The claim of hardiness is partly true, I didn’t get any fungal infection on them, but they are certainly not pest-resistant: at least, if you count slugs and snails as pests. I lost a couple seedlings to some hungry gastropod, which lead to a massive hunt around the garden. They still managed to completely decimate our lettuce field, but I didn’t have more problems with them. Surprisingly, they leave the more mature cucamelon plants alone.

When to Harvest

When to harvest the fruit? This sounds easy, but there is no clear indication that a cucamelon is ripe. Despite the name, they don’t turn red on the inside, they’re more like little cucumbers. The ourside also stays white-green all the way until they drop on the ground, at which point they’re over-ripe and not very good. A good rule is to let them hang on the vine until they’re about as big as a thumb (about 2.5 cm long, 1.5–2 cm in diameter). But this varies from plant to plant, also how much you water them, how much sunshine they get, etc.

I waited with the first bigger harvest until mid July, when the first over-ripe fruits started falling off. This is a good way to tell when some are ripe, but I of course tried eating them from the first time a bigger fruit appeared on the vine, which could be around the start of June.
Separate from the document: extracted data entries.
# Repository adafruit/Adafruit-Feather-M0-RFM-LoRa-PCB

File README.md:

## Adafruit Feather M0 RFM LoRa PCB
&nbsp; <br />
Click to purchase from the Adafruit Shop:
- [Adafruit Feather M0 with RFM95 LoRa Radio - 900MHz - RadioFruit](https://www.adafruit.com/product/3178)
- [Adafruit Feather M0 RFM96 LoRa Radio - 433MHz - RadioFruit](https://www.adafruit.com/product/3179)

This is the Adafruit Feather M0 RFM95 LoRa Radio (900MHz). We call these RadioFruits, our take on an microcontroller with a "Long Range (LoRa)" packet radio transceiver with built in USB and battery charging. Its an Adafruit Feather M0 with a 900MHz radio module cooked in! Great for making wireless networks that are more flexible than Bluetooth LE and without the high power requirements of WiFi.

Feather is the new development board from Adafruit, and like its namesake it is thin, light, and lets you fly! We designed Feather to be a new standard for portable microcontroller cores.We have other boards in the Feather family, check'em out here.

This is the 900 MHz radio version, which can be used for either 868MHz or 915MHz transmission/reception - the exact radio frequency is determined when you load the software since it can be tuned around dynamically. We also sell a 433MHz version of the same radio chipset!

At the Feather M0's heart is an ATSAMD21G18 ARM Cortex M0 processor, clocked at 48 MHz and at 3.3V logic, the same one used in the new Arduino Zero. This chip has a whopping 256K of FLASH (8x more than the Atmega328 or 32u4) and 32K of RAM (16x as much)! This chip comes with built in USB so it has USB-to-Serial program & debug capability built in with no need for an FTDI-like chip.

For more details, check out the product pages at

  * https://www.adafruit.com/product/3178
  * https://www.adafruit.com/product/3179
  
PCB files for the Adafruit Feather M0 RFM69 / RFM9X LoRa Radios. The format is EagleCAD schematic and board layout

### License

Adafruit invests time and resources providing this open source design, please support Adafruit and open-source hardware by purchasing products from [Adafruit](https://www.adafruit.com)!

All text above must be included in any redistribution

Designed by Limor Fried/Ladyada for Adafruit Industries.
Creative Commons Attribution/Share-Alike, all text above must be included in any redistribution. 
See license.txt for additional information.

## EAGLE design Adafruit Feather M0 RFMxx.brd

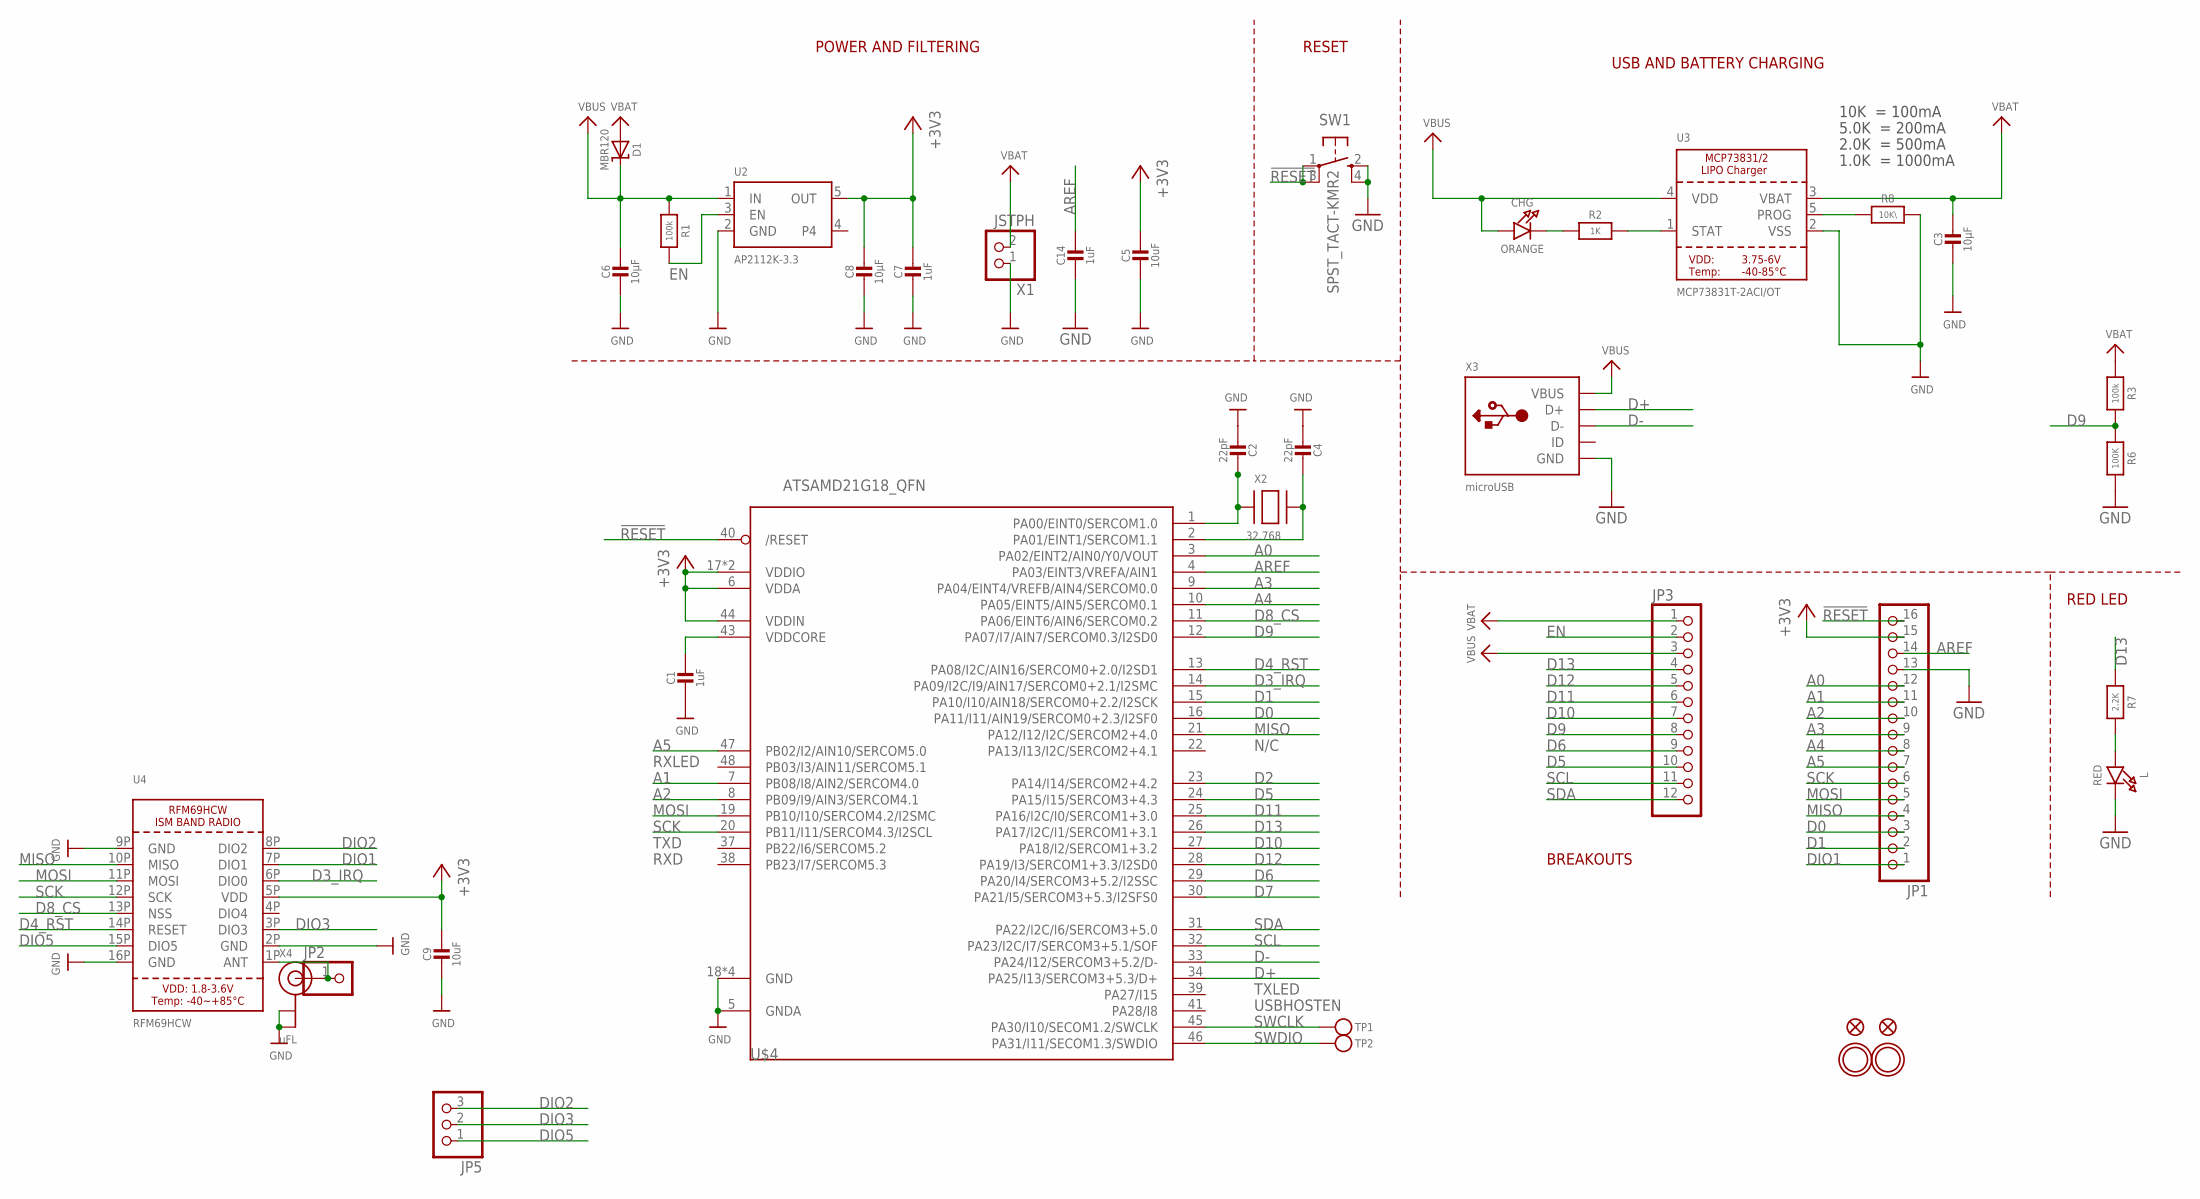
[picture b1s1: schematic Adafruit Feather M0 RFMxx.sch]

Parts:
C1, C7, C14: 1uF; 0603-NO
C2, C4: 22pF; 0603-NO
C3, C6, C8: 10µF; 0805-NO
C5, C9: 10uF; 0805-NO
CHG: ORANGE; CHIPLED_0805_NOOUTLINE
D1: MBR120; SOD-123
JP1: HEADER-1X16ROUND; 1X16_ROUND
JP2: HEADER-1X1ROUND; 1X01_ROUND
JP3: HEADER-1X12; 1X12_ROUND
JP5: HEADER-1X3ROUND; 1X03_ROUND
L: RED; CHIPLED_0805_NOOUTLINE
R1, R3: 100k; 0603-NO
R2: 1K; 0603-NO
R6: 100K; 0603-NO
R7: 2.2K; 0603-NO
R8: 10K\; 0603-NO
SW1: SPST_TACT-KMR2; KMR2
TP1, TP2: TESTPOINTROUND1.5MM; TESTPOINT_ROUND_1.5MM
U2: AP2112K-3.3; SOT23-5
U3: MCP73831T-2ACI/OT; SOT23-5
U4: RFM69HCW; RFMHCW_SMT
U$4: ATSAMD21G18_QFN; TQFN48_7MM
U$31, U$32: MOUNTINGHOLE2.5; MOUNTINGHOLE_2.5_PLATED
U$34, U$35: FIDUCIAL""; FIDUCIAL_1MM
X1: JSTPH; JSTPH2
X2: 32.768; XTAL3215
X3: microUSB; 4UCONN_20329_V2
X4: uFL; U.FL

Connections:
!RESET: JP1.16, SW1.1, SW1.3 (P1), U$4.40 (/RESET)
+3V3: C5.1, C7.1, C8.1, C9.1, JP1.15, U2.5 (OUT), U4.5P (VDD), U$4.6 (VDDA), U$4.17 (VDDIO), U$4.36 (VDDIO), U$4.44 (VDDIN)
A0: JP1.12, U$4.3 (PA02/EINT2/AIN0/Y0/VOUT)
A1: JP1.11, U$4.7 (PB08/I8/AIN2/SERCOM4.0)
A2: JP1.10, U$4.8 (PB09/I9/AIN3/SERCOM4.1)
A3: JP1.9, U$4.9 (PA04/EINT4/VREFB/AIN4/SERCOM0.0)
A4: JP1.8, U$4.10 (PA05/EINT5/AIN5/SERCOM0.1)
A5: JP1.7, U$4.47 (PB02/I2/AIN10/SERCOM5.0)
ANT: JP2.1, U4.1P (ANT), X4.3 (SIGNAL)
AREF: C14.1, JP1.14, U$4.4 (PA03/EINT3/VREFA/AIN1)
D0: JP1.3, U$4.16 (PA11/I11/AIN19/SERCOM0+2.3/I2SF0)
D1: JP1.2, U$4.15 (PA10/I10/AIN18/SERCOM0+2.2/I2SCK)
D2: U$4.23 (PA14/I14/SERCOM2+4.2)
D3_IRQ: U4.6P (DIO0), U$4.14 (PA09/I2C/I9/AIN17/SERCOM0+2.1/I2SMC)
D4_RST: U4.14P (RESET), U$4.13 (PA08/I2C/AIN16/SERCOM0+2.0/I2SD1)
D5: JP3.10, U$4.24 (PA15/I15/SERCOM3+4.3)
D6: JP3.9, U$4.29 (PA20/I4/SERCOM3+5.2/I2SSC)
D7: U$4.30 (PA21/I5/SERCOM3+5.3/I2SFS0)
D8_CS: U4.13P (NSS), U$4.11 (PA06/EINT6/AIN6/SERCOM0.2)
D9: JP3.8, R3.2, R6.1, U$4.12 (PA07/I7/AIN7/SERCOM0.3/I2SD0)
D10: JP3.7, U$4.27 (PA18/I2/SERCOM1+3.2)
D11: JP3.6, U$4.25 (PA16/I2C/I0/SERCOM1+3.0)
D12: JP3.5, U$4.28 (PA19/I3/SERCOM1+3.3/I2SD0)
D13: JP3.4, R7.1, U$4.26 (PA17/I2C/I1/SERCOM1+3.1)
D+: U$4.34 (PA25/I13/SERCOM3+5.3/D+), X3.D+
D-: U$4.33 (PA24/I12/SERCOM3+5.2/D-), X3.D-
DIO1: JP1.1, U4.7P (DIO1)
DIO2: JP5.3, U4.8P (DIO2)
DIO3: JP5.2, U4.3P (DIO3)
DIO5: JP5.1, U4.15P (DIO5)
EN: JP3.2, R1.2, U2.3 (EN)
GND: C1.2, C2.2, C3.2, C4.2, C5.2, C6.2, C7.2, C8.2, C9.2, C14.2, JP1.13, L.C, R6.2, R8.2, SW1.2 (S), SW1.4 (S1), U2.2 (GND), U3.2 (VSS), U4.2P (GND), U4.9P (GND), U4.16P (GND), U$4.5 (GNDA), U$4.18 (GND), U$4.35 (GND), U$4.42 (GND), U$4.THERMAL (GND), X1.1, X3.BASE@1 (GND), X3.BASE@2 (GND), X3.GND, X3.SPRT@1 (GND), X3.SPRT@2 (GND), X3.SPRT@3 (GND), X3.SPRT@4 (GND), X4.1 (GND), X4.2 (GND)
MISO: JP1.4, U4.10P (MISO), U$4.21 (PA12/I12/I2C/SERCOM2+4.0)
MOSI: JP1.5, U4.11P (MOSI), U$4.19 (PB10/I10/SERCOM4.2/I2SMC)
unnamed: CHG.C, R2.1
unnamed: L.A, R7.2
unnamed: R2.2, U3.1 (STAT)
unnamed: R8.1, U3.5 (PROG)
unnamed: C2.1, U$4.1 (PA00/EINT0/SERCOM1.0), X2.P$1
unnamed: C4.1, U$4.2 (PA01/EINT1/SERCOM1.1), X2.P$2
SCK: JP1.6, U4.12P (SCK), U$4.20 (PB11/I11/SERCOM4.3/I2SCL)
SCL: JP3.11, U$4.32 (PA23/I2C/I7/SERCOM3+5.1/SOF)
SDA: JP3.12, U$4.31 (PA22/I2C/I6/SERCOM3+5.0)
SWCLK: TP1.P$1, U$4.45 (PA30/I10/SECOM1.2/SWCLK)
SWDIO: TP2.P$1, U$4.46 (PA31/I11/SECOM1.3/SWDIO)
VBAT: C3.1, D1.A, JP3.1, R3.1, U3.3 (VBAT), X1.2
VBUS: C6.1, CHG.A, D1.C, JP3.3, R1.1, U2.1 (IN), U3.4 (VDD), X3.VBUS
VDDCORE: C1.1, U$4.43 (VDDCORE)

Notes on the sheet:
POWER AND FILTERING
RESET
10K = 100mA
5.0K = 200mA
2.0K = 500mA
1.0K = 1000mA
N/C
TXLED
USBHOSTEN
RXLED
TXD
RXD
USB AND BATTERY CHARGING
BREAKOUTS
RED LED

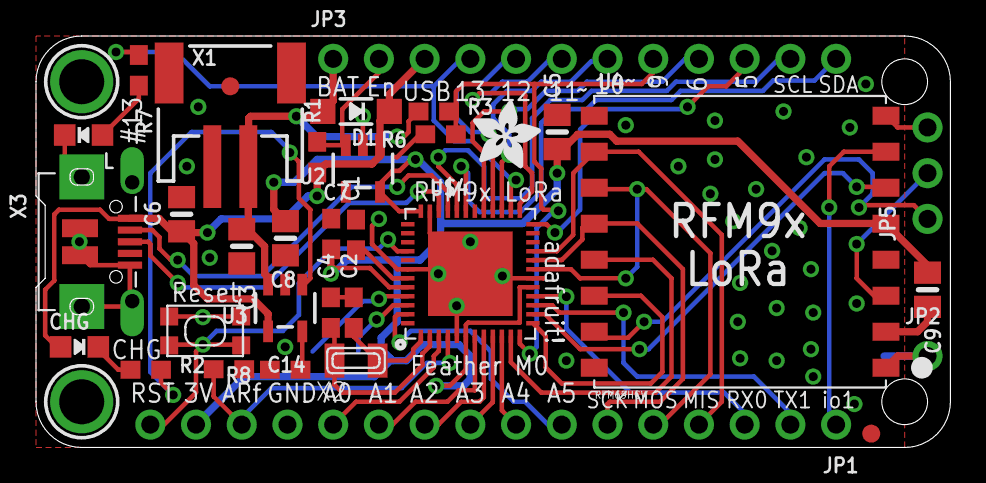
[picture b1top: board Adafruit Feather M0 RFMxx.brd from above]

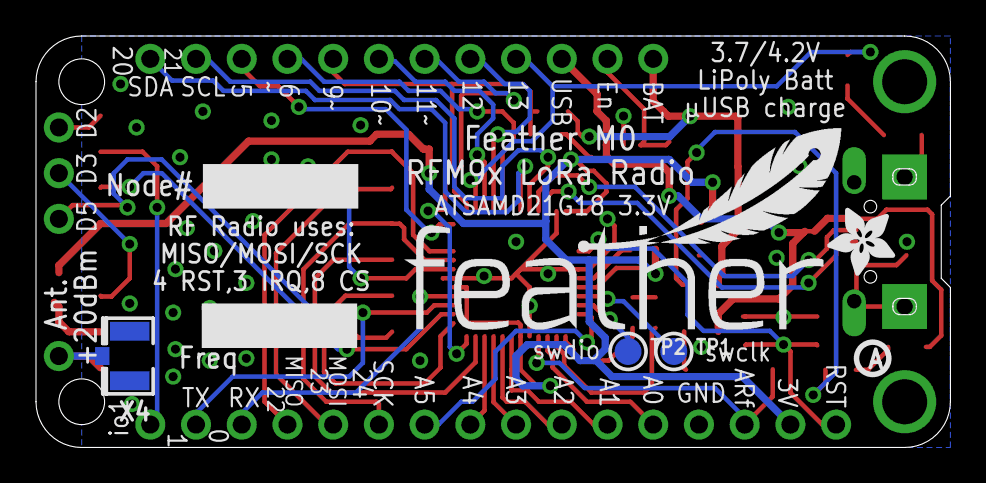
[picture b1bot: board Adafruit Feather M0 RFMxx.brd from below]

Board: 2 copper layers, 50.8 x 22.9 mm, 42 parts (6 on the bottom side), 46 nets.

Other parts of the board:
U$7, U$12: ADAFRUIT_3.5MM
U$9: FEATHERLOGO
U$13: PCBFEAT-REV-040

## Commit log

2016-06-08 init
2022-04-19 Added PrettyPins
2024-07-12 update prettypins

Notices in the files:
parts and their libraries:
microbuilder: This work is placed in the public domain, and may be freely used for commercial and non-commercial work with the following conditions:

To get any meaningful harvest, make sure you plant as many as you can; one vine can bear maybe 10–15 fruits over the season, if you care for it well and are lucky, but they are tiny. The vines can be planted densely, as close as 15 cm together, despite what some articles about them claim. In my case the growth was in part horizontal, making a sort of bush at the base of the support structure. Some vines bravely climbed higher, but the bulk of the fruit has grown in the bottom half-metre. This could be improved with a the plastic net, or by trimming the side shoots.

“So, does it taste any good?”

That’s a resounding YES

They taste like a kind of juicy, a little sour gherkin. Some sources describe it as a “hint of lime”. I wouldn’t go that far, but it’s definitely tastier than regular cucumbers. You can eat them whole (well, peeling somethign this tiny would be a challenge anyway). So far I tried putting them in a vegetable salad, and they were great. You can naturally just eat them off the vine, or perhaps pickle them.

Cucamelons in a vegetable salad

Looking Ahead

Cucamelon plants are told to easily spread around the garden, probably thanks to animals dining on those fallen fruits. You can also extract seeds from these, for the next season, but with the seeds so cheap, it might not be worth the effort. The plants also, allegedly, produce a thick root in the ground, that is edible and should also grow again next year. I’m yet to find out if there’s much truth to this.

All in all, this was an interesting experiment and I’m glad I tried it. Next year I’ll grow them with a more suitable support, and perhaps plant a bit later, so they don’t have to sit in the greenshouse so long, waiting for the last frosts. We’ll also grow many more of them, maybe over 50. Sharing the harvest from my 14 vines in the community means everyone gets at most a handful at a time. And I want to try pickling them!